GIVEN DATA:
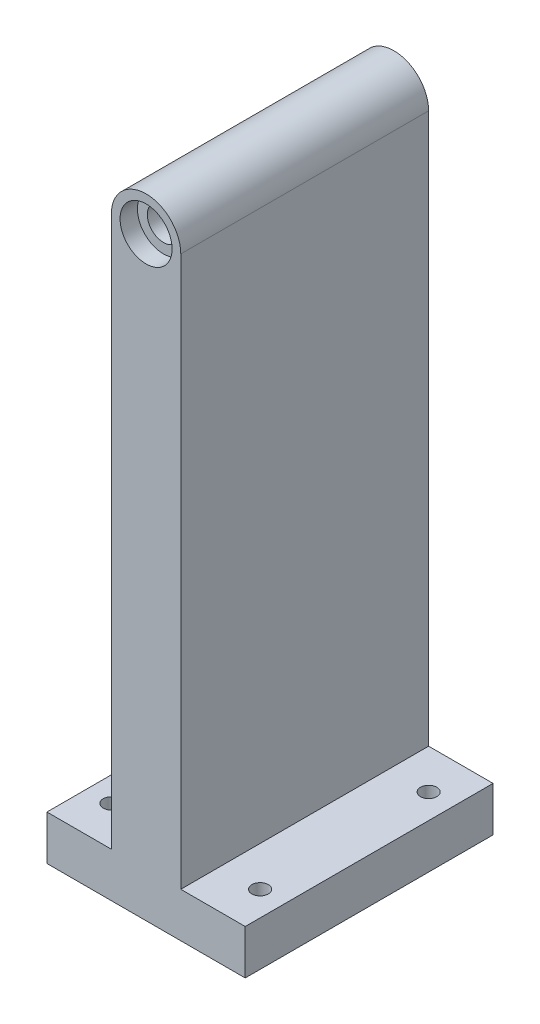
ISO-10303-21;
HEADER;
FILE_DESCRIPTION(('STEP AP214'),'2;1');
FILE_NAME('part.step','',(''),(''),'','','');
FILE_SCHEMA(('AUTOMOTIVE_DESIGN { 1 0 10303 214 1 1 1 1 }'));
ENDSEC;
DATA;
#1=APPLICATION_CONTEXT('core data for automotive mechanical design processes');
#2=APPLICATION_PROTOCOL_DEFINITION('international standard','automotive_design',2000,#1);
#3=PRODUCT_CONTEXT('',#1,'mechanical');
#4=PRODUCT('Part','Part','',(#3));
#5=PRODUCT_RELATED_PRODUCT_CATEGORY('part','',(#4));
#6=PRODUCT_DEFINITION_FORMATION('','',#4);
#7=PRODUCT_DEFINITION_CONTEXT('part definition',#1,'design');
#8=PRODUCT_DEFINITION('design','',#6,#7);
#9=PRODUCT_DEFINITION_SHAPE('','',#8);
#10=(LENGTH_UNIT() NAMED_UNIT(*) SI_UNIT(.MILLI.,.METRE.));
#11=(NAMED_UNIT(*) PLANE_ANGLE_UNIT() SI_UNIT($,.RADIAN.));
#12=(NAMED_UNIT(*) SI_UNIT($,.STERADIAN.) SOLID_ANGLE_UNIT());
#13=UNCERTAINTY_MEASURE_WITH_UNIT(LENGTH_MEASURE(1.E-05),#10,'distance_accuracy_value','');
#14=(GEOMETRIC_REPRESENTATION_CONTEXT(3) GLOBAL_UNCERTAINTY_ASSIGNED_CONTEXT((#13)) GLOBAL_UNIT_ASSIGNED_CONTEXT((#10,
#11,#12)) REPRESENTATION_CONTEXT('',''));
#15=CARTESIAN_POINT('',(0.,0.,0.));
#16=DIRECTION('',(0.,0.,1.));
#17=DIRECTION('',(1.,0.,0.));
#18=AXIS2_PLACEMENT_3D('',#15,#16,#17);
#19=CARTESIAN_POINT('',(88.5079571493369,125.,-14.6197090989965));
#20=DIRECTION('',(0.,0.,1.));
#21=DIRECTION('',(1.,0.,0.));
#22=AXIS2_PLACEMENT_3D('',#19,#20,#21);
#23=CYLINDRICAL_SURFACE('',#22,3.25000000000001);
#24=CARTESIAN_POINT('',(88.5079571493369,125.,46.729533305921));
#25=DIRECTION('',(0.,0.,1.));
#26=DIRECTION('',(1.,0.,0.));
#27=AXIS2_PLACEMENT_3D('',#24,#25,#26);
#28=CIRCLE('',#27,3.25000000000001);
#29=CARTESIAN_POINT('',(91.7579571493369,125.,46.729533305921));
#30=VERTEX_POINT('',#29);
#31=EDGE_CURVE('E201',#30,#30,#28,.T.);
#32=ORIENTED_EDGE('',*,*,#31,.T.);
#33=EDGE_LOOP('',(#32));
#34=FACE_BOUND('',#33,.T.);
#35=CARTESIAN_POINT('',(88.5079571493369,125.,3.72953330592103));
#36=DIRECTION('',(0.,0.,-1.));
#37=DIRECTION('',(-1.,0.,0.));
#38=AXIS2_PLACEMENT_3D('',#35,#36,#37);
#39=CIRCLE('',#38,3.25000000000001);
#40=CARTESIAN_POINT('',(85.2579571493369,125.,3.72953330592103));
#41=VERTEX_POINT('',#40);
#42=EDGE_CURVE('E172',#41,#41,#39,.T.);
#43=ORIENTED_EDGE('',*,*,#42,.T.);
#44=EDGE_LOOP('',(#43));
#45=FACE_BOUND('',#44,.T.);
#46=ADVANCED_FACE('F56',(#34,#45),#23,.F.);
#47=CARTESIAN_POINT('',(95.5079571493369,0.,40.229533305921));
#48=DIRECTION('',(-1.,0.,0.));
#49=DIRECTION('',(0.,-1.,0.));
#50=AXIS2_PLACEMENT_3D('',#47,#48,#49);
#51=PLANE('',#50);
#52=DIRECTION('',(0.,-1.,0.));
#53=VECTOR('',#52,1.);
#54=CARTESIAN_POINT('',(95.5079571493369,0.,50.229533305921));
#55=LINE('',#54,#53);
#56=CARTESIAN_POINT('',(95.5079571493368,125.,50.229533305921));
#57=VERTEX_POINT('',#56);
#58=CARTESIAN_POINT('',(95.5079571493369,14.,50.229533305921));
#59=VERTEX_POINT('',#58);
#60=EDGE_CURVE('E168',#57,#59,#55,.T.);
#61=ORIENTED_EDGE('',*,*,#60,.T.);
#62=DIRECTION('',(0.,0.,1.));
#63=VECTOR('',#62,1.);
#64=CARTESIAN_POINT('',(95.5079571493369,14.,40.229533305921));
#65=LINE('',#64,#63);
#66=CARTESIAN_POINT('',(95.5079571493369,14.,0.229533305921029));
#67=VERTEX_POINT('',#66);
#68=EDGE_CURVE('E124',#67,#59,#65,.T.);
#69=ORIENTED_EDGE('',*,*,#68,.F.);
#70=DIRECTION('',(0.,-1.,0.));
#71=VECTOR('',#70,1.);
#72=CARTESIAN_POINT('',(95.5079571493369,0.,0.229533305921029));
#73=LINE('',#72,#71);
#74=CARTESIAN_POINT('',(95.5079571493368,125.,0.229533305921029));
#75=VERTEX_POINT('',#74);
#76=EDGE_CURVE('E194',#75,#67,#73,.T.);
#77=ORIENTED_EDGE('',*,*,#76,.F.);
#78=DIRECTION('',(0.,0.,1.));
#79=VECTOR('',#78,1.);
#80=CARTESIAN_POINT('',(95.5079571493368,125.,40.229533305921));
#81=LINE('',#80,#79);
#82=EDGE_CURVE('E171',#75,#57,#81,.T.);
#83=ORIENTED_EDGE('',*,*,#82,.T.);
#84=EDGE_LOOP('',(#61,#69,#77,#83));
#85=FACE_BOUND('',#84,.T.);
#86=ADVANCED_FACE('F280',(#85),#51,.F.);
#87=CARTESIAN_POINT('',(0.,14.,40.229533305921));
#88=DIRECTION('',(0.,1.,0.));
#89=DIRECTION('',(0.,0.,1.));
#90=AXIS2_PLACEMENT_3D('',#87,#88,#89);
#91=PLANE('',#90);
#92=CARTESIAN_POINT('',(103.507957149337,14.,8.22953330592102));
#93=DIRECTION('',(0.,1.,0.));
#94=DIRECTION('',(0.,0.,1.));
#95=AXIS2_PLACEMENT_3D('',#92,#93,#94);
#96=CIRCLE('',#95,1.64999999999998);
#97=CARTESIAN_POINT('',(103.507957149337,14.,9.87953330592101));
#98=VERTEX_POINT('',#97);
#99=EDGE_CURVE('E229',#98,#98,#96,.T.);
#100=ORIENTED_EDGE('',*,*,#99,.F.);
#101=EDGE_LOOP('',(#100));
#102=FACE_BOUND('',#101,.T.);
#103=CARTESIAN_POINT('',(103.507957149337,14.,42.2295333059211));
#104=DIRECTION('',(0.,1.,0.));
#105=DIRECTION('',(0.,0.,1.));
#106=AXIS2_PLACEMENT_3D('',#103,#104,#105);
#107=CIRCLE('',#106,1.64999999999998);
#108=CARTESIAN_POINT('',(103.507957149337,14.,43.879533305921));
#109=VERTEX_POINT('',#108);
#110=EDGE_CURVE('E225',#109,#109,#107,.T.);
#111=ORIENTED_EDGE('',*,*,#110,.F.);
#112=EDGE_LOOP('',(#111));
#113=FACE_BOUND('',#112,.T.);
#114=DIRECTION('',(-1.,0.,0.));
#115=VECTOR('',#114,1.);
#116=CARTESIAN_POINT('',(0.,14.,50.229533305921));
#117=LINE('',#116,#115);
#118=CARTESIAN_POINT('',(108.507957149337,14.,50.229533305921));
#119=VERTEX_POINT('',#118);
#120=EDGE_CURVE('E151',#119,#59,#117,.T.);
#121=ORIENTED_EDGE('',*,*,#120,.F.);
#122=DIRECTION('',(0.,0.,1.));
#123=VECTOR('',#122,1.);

WHAT YOU SHOULD DO: Copy exactly, and only, the lines from the first entry through the line holding "#43=ORIENTED_EDGE('',*,*,#42,.T.);", both ends included, leaving out every picture.

TASK OUTPUT:
ISO-10303-21;
HEADER;
FILE_DESCRIPTION(('STEP AP214'),'2;1');
FILE_NAME('part.step','',(''),(''),'','','');
FILE_SCHEMA(('AUTOMOTIVE_DESIGN { 1 0 10303 214 1 1 1 1 }'));
ENDSEC;
DATA;
#1=APPLICATION_CONTEXT('core data for automotive mechanical design processes');
#2=APPLICATION_PROTOCOL_DEFINITION('international standard','automotive_design',2000,#1);
#3=PRODUCT_CONTEXT('',#1,'mechanical');
#4=PRODUCT('Part','Part','',(#3));
#5=PRODUCT_RELATED_PRODUCT_CATEGORY('part','',(#4));
#6=PRODUCT_DEFINITION_FORMATION('','',#4);
#7=PRODUCT_DEFINITION_CONTEXT('part definition',#1,'design');
#8=PRODUCT_DEFINITION('design','',#6,#7);
#9=PRODUCT_DEFINITION_SHAPE('','',#8);
#10=(LENGTH_UNIT() NAMED_UNIT(*) SI_UNIT(.MILLI.,.METRE.));
#11=(NAMED_UNIT(*) PLANE_ANGLE_UNIT() SI_UNIT($,.RADIAN.));
#12=(NAMED_UNIT(*) SI_UNIT($,.STERADIAN.) SOLID_ANGLE_UNIT());
#13=UNCERTAINTY_MEASURE_WITH_UNIT(LENGTH_MEASURE(1.E-05),#10,'distance_accuracy_value','');
#14=(GEOMETRIC_REPRESENTATION_CONTEXT(3) GLOBAL_UNCERTAINTY_ASSIGNED_CONTEXT((#13)) GLOBAL_UNIT_ASSIGNED_CONTEXT((#10,
#11,#12)) REPRESENTATION_CONTEXT('',''));
#15=CARTESIAN_POINT('',(0.,0.,0.));
#16=DIRECTION('',(0.,0.,1.));
#17=DIRECTION('',(1.,0.,0.));
#18=AXIS2_PLACEMENT_3D('',#15,#16,#17);
#19=CARTESIAN_POINT('',(88.5079571493369,125.,-14.6197090989965));
#20=DIRECTION('',(0.,0.,1.));
#21=DIRECTION('',(1.,0.,0.));
#22=AXIS2_PLACEMENT_3D('',#19,#20,#21);
#23=CYLINDRICAL_SURFACE('',#22,3.25000000000001);
#24=CARTESIAN_POINT('',(88.5079571493369,125.,46.729533305921));
#25=DIRECTION('',(0.,0.,1.));
#26=DIRECTION('',(1.,0.,0.));
#27=AXIS2_PLACEMENT_3D('',#24,#25,#26);
#28=CIRCLE('',#27,3.25000000000001);
#29=CARTESIAN_POINT('',(91.7579571493369,125.,46.729533305921));
#30=VERTEX_POINT('',#29);
#31=EDGE_CURVE('E201',#30,#30,#28,.T.);
#32=ORIENTED_EDGE('',*,*,#31,.T.);
#33=EDGE_LOOP('',(#32));
#34=FACE_BOUND('',#33,.T.);
#35=CARTESIAN_POINT('',(88.5079571493369,125.,3.72953330592103));
#36=DIRECTION('',(0.,0.,-1.));
#37=DIRECTION('',(-1.,0.,0.));
#38=AXIS2_PLACEMENT_3D('',#35,#36,#37);
#39=CIRCLE('',#38,3.25000000000001);
#40=CARTESIAN_POINT('',(85.2579571493369,125.,3.72953330592103));
#41=VERTEX_POINT('',#40);
#42=EDGE_CURVE('E172',#41,#41,#39,.T.);
#43=ORIENTED_EDGE('',*,*,#42,.T.);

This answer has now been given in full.